Of course, we saw all the players sitting in the captain's seat during the tie against Sweden, including an injured Rohan Bopanna and Prakash Amritraj, but it is Leander who is taking all the decisions. He does talk to the whole team in trying to reach a consensus. He also showed true leadership in asking his share to be cut so that the fifth player could get a little more money. All said, there is no question that Leander should have played on the first day.

The Swedish captain Mats Wilander was quite mischievous when he said that it was a wise decision that Leander did not play himself in singles as he would have been in trouble had he played and fared below par. He also said that Leander was perhaps not good at coaching himself in singles.

It was perhaps a strategy to reserve him for the third day, but as expected it was a futile wait. No other captain would have let a man of Leander's experience in Davis Cup cool his heels on the sidelines on the first day.

Leander with his inimitable `chip and charge' style of play, would have handled Johansson a lot better than Bopanna. He could have actually demoralised the Swedes and made them see demons in the surface. With a good start, the tie could have been alive till the fifth rubber.

He may not be playing singles on the Tour these days, but the rest of his teammates are no patch on him, when it comes to playing Davis Cup on home soil. While Leander had set stringent standards for himself, he was projecting Prakash a lot more than he really deserved. Prakash was also struggling without playing enough competitive matches, and who knows Harsh Mankad could have been a better option.

Maybe, they would have kept Bopanna out, as had been done over the years.

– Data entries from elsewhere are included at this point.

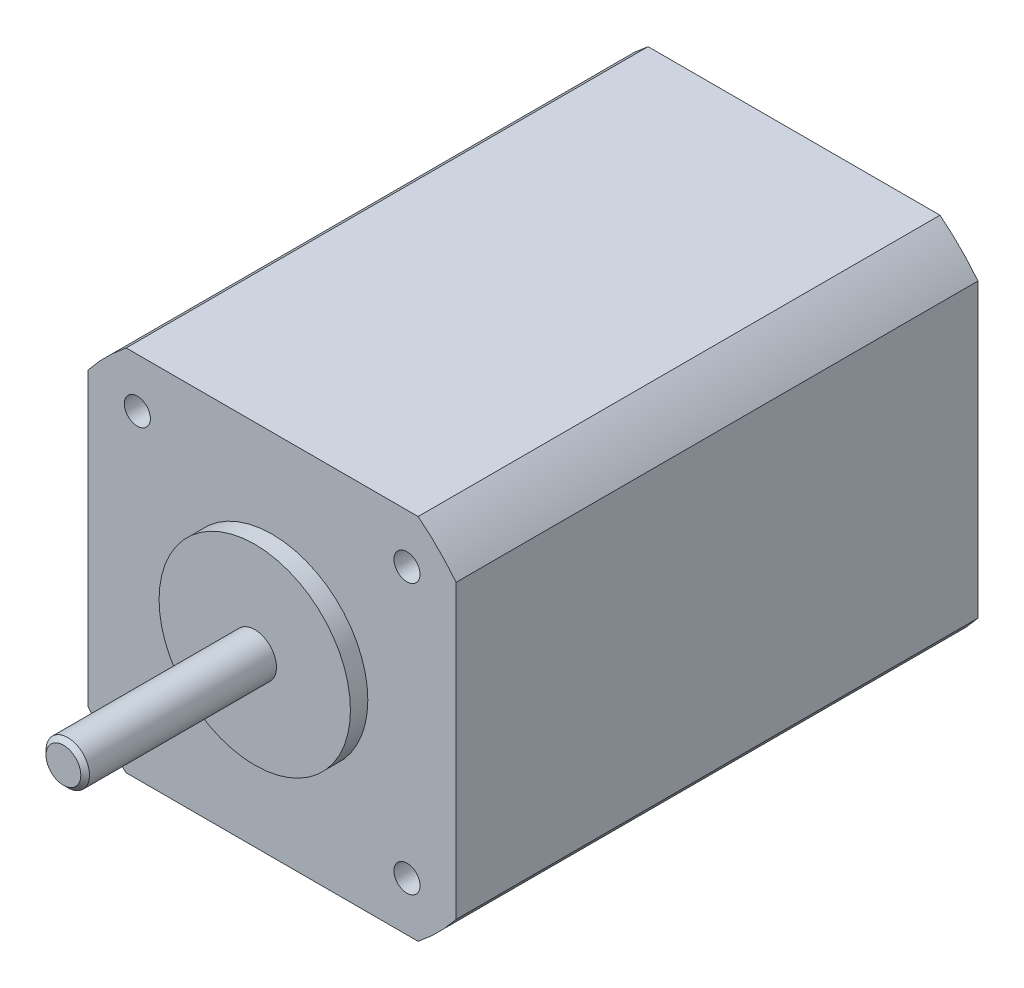
from build123d import *

# Parameters (mm, degrees)
SKETCH1_W           = 42.3
SKETCH1_H           = 42.3
BOSS_EXTRUDE1_DEPTH = 60
SKETCH2_R           = 1.5
CUT_EXTRUDE1_DEPTH  = 4.5
SKETCH3_W           = 70.080041738
SKETCH3_H           = 62.101106944
SKETCH3_R           = 27
CUT_EXTRUDE2_DEPTH  = 68.04211363
SKETCH4_R           = 11
BOSS_EXTRUDE2_DEPTH = 2
SKETCH5_R           = 2.5
BOSS_EXTRUDE3_DEPTH = 24
CHAMFER1_SIZE       = 0.5


with BuildPart() as part:
    # Sketch1 → Boss-Extrude1 (new body)
    with BuildSketch(Plane.XY):
        Rectangle(SKETCH1_W, SKETCH1_H)
    extrude(amount=BOSS_EXTRUDE1_DEPTH)

    # Sketch2 → Cut-Extrude1 (cut)
    with BuildSketch(Plane.XY.offset(60)):
        with Locations((-15.5, 15.5)):
            Circle(SKETCH2_R)
        with Locations((-15.5, -15.5)):
            Circle(SKETCH2_R)
        with Locations((15.5, -15.5)):
            Circle(SKETCH2_R)
        with Locations((15.5, 15.5)):
            Circle(SKETCH2_R)
    extrude(amount=-CUT_EXTRUDE1_DEPTH, mode=Mode.SUBTRACT)

    # Sketch3 → Cut-Extrude2 (cut, through all)
    with BuildSketch(Plane.XY.offset(60)):
        Rectangle(SKETCH3_W, SKETCH3_H)
        Circle(SKETCH3_R, mode=Mode.SUBTRACT)
    extrude(amount=-CUT_EXTRUDE2_DEPTH, mode=Mode.SUBTRACT)

    # Sketch4 → Boss-Extrude2 (add)
    with BuildSketch(Plane.XY.offset(60)):
        Circle(SKETCH4_R)
    extrude(amount=BOSS_EXTRUDE2_DEPTH)

    # Sketch5 → Boss-Extrude3 (add)
    with BuildSketch(Plane.XY.offset(60)):
        Circle(SKETCH5_R)
    extrude(amount=BOSS_EXTRUDE3_DEPTH)

    # Chamfer1
    chamfer1_edges = [part.edges().sort_by_distance(p)[0] for p in [
        (-2.5, 0, 84),
    ]]
    chamfer(chamfer1_edges, length=CHAMFER1_SIZE)


solid = part.part
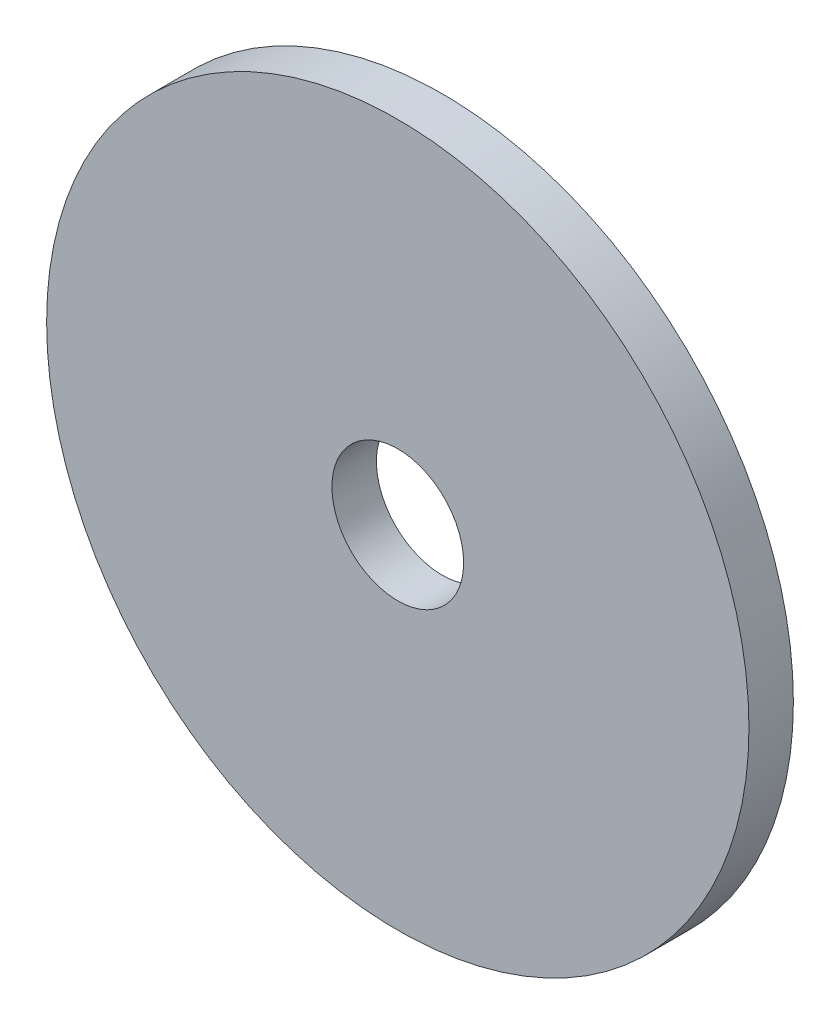
from build123d import *

# Parameters (mm, degrees)
CROQUIS1_R              = 2
CROQUIS1_R_2            = 0.375
SALIENTE_EXTRUIR1_DEPTH = 0.253


with BuildPart() as part:
    # Croquis1 → Saliente-Extruir1 (new body)
    with BuildSketch(Plane.XY):
        Circle(CROQUIS1_R)
        Circle(CROQUIS1_R_2, mode=Mode.SUBTRACT)
    extrude(amount=SALIENTE_EXTRUIR1_DEPTH)


solid = part.part
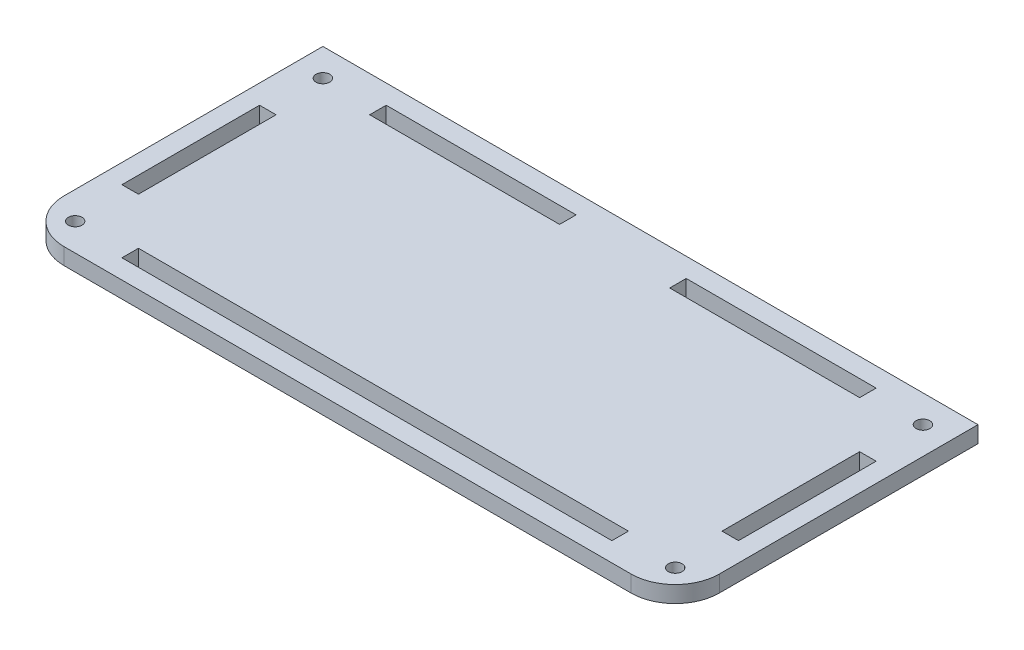
from build123d import *

# Parameters (mm, degrees)
SCHIZZO1_W                   = 119
SCHIZZO1_H                   = 55
ESTRUSIONE_ESTRUSIONE1_DEPTH = 3
FORO_FILETTATO_M3X0_5_1_D    = 2.5
SCHIZZO4_W                   = 89
SCHIZZO4_H                   = 3
SCHIZZO4_W_2                 = 3
SCHIZZO4_H_2                 = 25
TAGLIO_ESTRUSIONE1_DEPTH     = 66.616308948
RACCORDO1_R                  = 8
SCHIZZO5_W                   = 34.5
SCHIZZO5_H                   = 3
TAGLIO_ESTRUSIONE2_DEPTH     = 10


with BuildPart() as part:
    # Schizzo1 → Estrusione-Estrusione1 (new body)
    with BuildSketch(Plane(origin=(0, 0, 0), x_dir=(1, 0, 0), z_dir=(0, 1, 0))):
        Rectangle(SCHIZZO1_W, SCHIZZO1_H)
    extrude(amount=ESTRUSIONE_ESTRUSIONE1_DEPTH)

    # Foro filettato M3x0.5-1 (through all)
    with Locations(Plane(origin=(0, 3, 0), x_dir=(1, 0, 0), z_dir=(0, 1, 0))):
        with Locations((-54.5, -22.5), (54.5, -22.5), (54.5, 22.5), (-54.5, 22.5)):
            Hole(FORO_FILETTATO_M3X0_5_1_D / 2)

    # Schizzo4 → Taglio-Estrusione1 (cut, through all)
    with BuildSketch(Plane(origin=(0, 3, 0), x_dir=(1, 0, 0), z_dir=(0, 1, 0))):
        with Locations((0, -22.5)):
            Rectangle(SCHIZZO4_W, SCHIZZO4_H)
        with Locations((54.5, 0)):
            Rectangle(SCHIZZO4_W_2, SCHIZZO4_H_2)
        with Locations((-54.5, 0)):
            Rectangle(SCHIZZO4_W_2, SCHIZZO4_H_2)
    extrude(amount=-TAGLIO_ESTRUSIONE1_DEPTH, mode=Mode.SUBTRACT)

    # Raccordo1
    raccordo1_edges = [part.edges().sort_by_distance(p)[0] for p in [
        (59.5, 1.5, 27.5),
        (-59.5, 1.5, 27.5),
    ]]
    fillet(raccordo1_edges, radius=RACCORDO1_R)

    # Schizzo5 → Taglio-Estrusione2 (cut)
    with BuildSketch(Plane(origin=(0, 3, 0), x_dir=(1, 0, 0), z_dir=(0, 1, 0))):
        with Locations((27.25, 22.5)):
            Rectangle(SCHIZZO5_W, SCHIZZO5_H)
        with Locations((-27.25, 22.5)):
            Rectangle(SCHIZZO5_W, SCHIZZO5_H)
    extrude(amount=-TAGLIO_ESTRUSIONE2_DEPTH, mode=Mode.SUBTRACT)


solid = part.part
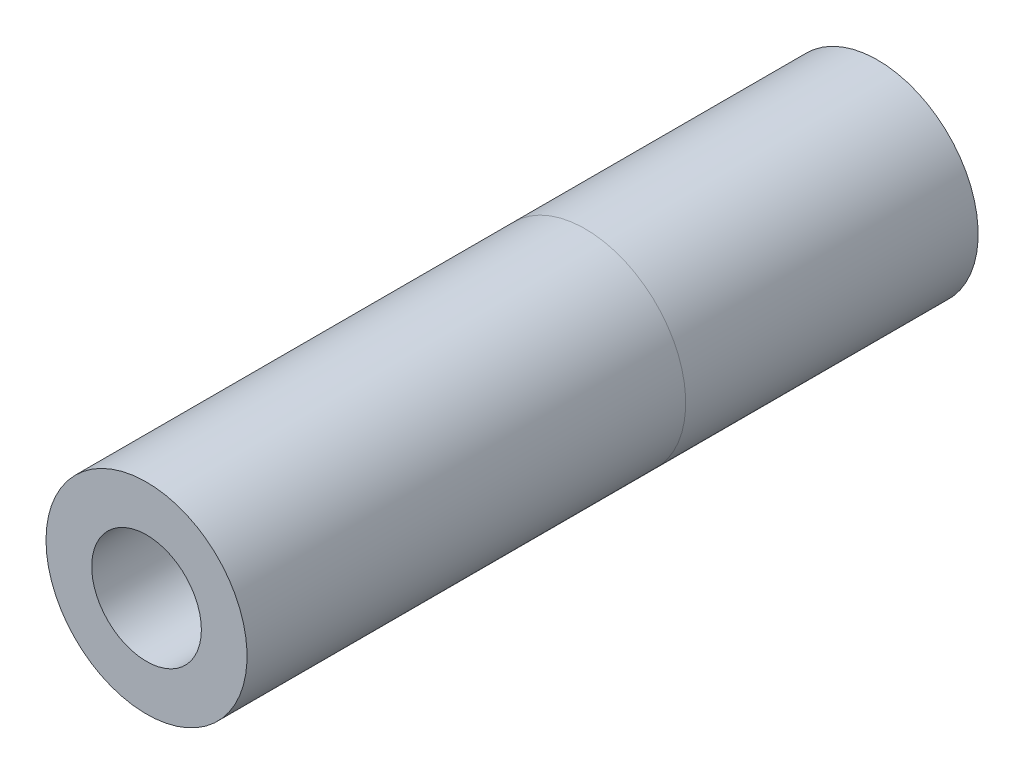
from build123d import *

# Parameters (mm, degrees)
SWEEP1_PROFILE_R     = 8.73125
CUT_SWEEP1_PROFILE_R = 4.7625


with BuildPart() as part:
    # Sweep1: sweep along a curve in space
    with BuildLine() as sweep1_path:
        Line((0, 0, 0), (0, 0, 25.4))
        Line((0, 0, 25.4), (0, 0, 63.5))
    # Sweep1 profile (on start of the path) → Sweep1 (sweep)
    with BuildSketch(Plane.XY):
        Circle(SWEEP1_PROFILE_R)
    sweep(path=sweep1_path.line)

    # Cut-Sweep1: sweep along a curve in space
    with BuildLine() as cut_sweep1_path:
        Line((0, 0, 0), (0, 0, 25.4))
        Line((0, 0, 25.4), (0, 0, 63.5))
    # Cut-Sweep1 profile (on start of the path) → Cut-Sweep1 (sweep, cut)
    with BuildSketch(Plane.XY):
        Circle(CUT_SWEEP1_PROFILE_R)
    sweep(path=cut_sweep1_path.line, mode=Mode.SUBTRACT)


solid = part.part
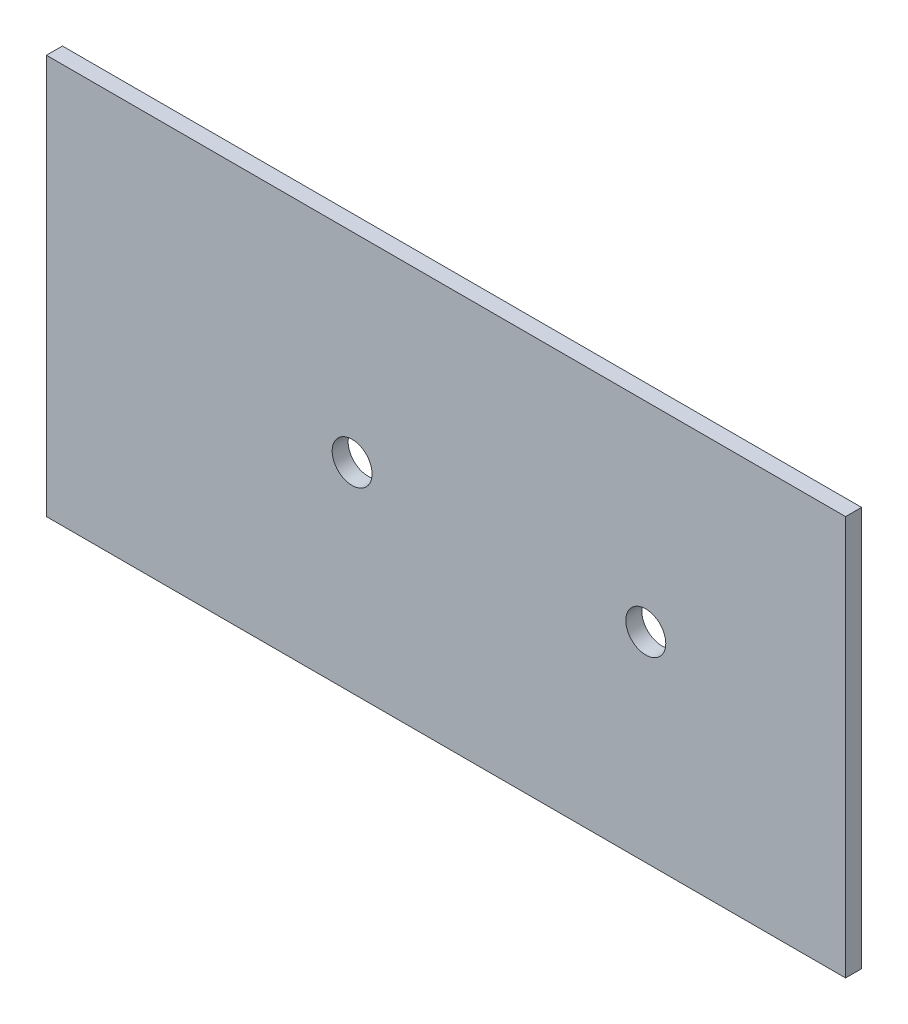
from build123d import *

# Parameters (mm, degrees)
SKETCH1_W           = 200
SKETCH1_H           = 100
SKETCH1_R           = 5
BOSS_EXTRUDE1_DEPTH = 4


with BuildPart() as part:
    # Sketch1 → Boss-Extrude1 (new body)
    with BuildSketch(Plane.XY):
        with Locations((-50, 0)):
            Rectangle(SKETCH1_W, SKETCH1_H)
        Circle(SKETCH1_R, mode=Mode.SUBTRACT)
        with Locations((-73.5, 0)):
            Circle(SKETCH1_R, mode=Mode.SUBTRACT)
    extrude(amount=BOSS_EXTRUDE1_DEPTH)


solid = part.part
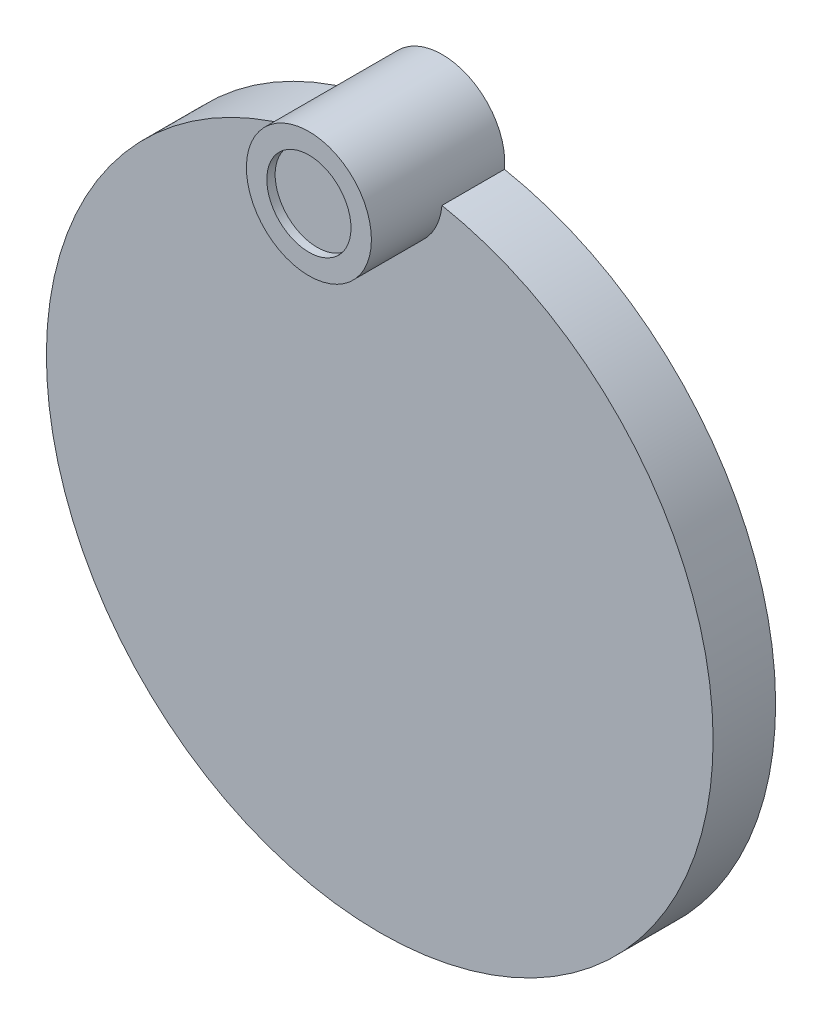
from build123d import *

# Parameters (mm, degrees)
EXTRUDE_1_DEPTH     = 15
SKETCH_5_R          = 15
EXTRUDE_3_DEPTH     = 17
SKETCH_9_R          = 10.1
CUT_EXTRUDE_2_DEPTH = 2


with BuildPart() as part:
    # ｽｹｯﾁ4 → ﾎﾞｽ - 押し出し1 (new body)
    with BuildSketch(Plane.XY):
        with BuildLine():
            ThreePointArc((14.933936552, -1.40625), (0, 15), (-14.933936552, -1.40625))
            ThreePointArc((-14.933936552, -1.40625), (0, -160), (14.933936552, -1.40625))
        make_face()
    extrude(amount=EXTRUDE_1_DEPTH)

    # ｽｹｯﾁ5 → ﾎﾞｽ - 押し出し3 (add)
    with BuildSketch(Plane.XY.offset(15)):
        with Locations(Location((0, 0, 0), (0, 0, 185.379378991))):
            Circle(SKETCH_5_R)
    extrude(amount=EXTRUDE_3_DEPTH)

    # ｽｹｯﾁ9 → ｶｯﾄ - 押し出し2 (cut)
    with BuildSketch(Plane.XY.offset(32)):
        Circle(SKETCH_9_R)
    extrude(amount=-CUT_EXTRUDE_2_DEPTH, mode=Mode.SUBTRACT)


solid = part.part
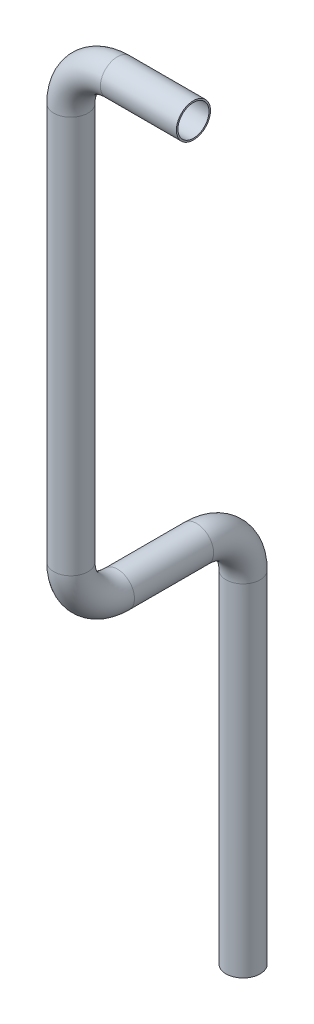
from build123d import *

# Parameters (mm, degrees)
ESQUISSE1_R   = 5.5
ESQUISSE1_R_2 = 5


with BuildPart() as part:
    # Balayage1: sweep along a curve in space
    with BuildLine() as balayage1_path:
        Line((0, 0, 0), (0, 110, 0))
        ThreePointArc((0, 110, 0), (0, 120.606601718, 4.393398282), (0, 125, 15))
        Line((0, 125, 15), (0, 125, 40.5))
        ThreePointArc((0, 125, 40.5), (0, 129.393398282, 51.106601718), (0, 140, 55.5))
        Line((0, 140, 55.5), (0, 268, 55.5))
        ThreePointArc((0, 268, 55.5), (4.393398282, 278.606601718, 55.5), (15, 283, 55.5))
        Line((15, 283, 55.5), (39.5, 283, 55.5))
    # Esquisse1 → Balayage1 (sweep)
    with BuildSketch(Plane(origin=(0, 0, 0), x_dir=(1, 0, 0), z_dir=(0, 1, 0))):
        Circle(ESQUISSE1_R)
        Circle(ESQUISSE1_R_2, mode=Mode.SUBTRACT)
    sweep(path=balayage1_path.line)


solid = part.part

It is, of course, easy to be wise after the event. Prakash is good on grass without doubt, but he was not match sharp. A good captain would have found that out, and acted accordingly as he had time till the eve of the draw to decide his playing four. As Leander himself admitted, there was not much difference between the three, and Harsh had to be kept out to give Prakash a chance to have a go at Bjorkman on the opening day. There are too many caps that Leander is forced to don these days, and that is costing the team a lot. The rest of the team needs to really push itself up to take Leander's singles berth at least in the ties at home.

Even in away ties, the rest hardly managed to win one singles rubber, as was the case against Japan in 2004.

It was breathtaking to watch Leander hit a return off a low bouncing ball without batting an eye-lid during the doubles. And he used the court like only he can.

Leander is too good to be weighed down by the responsibility of captaincy at this stage, when there is still a lot of magic left in him!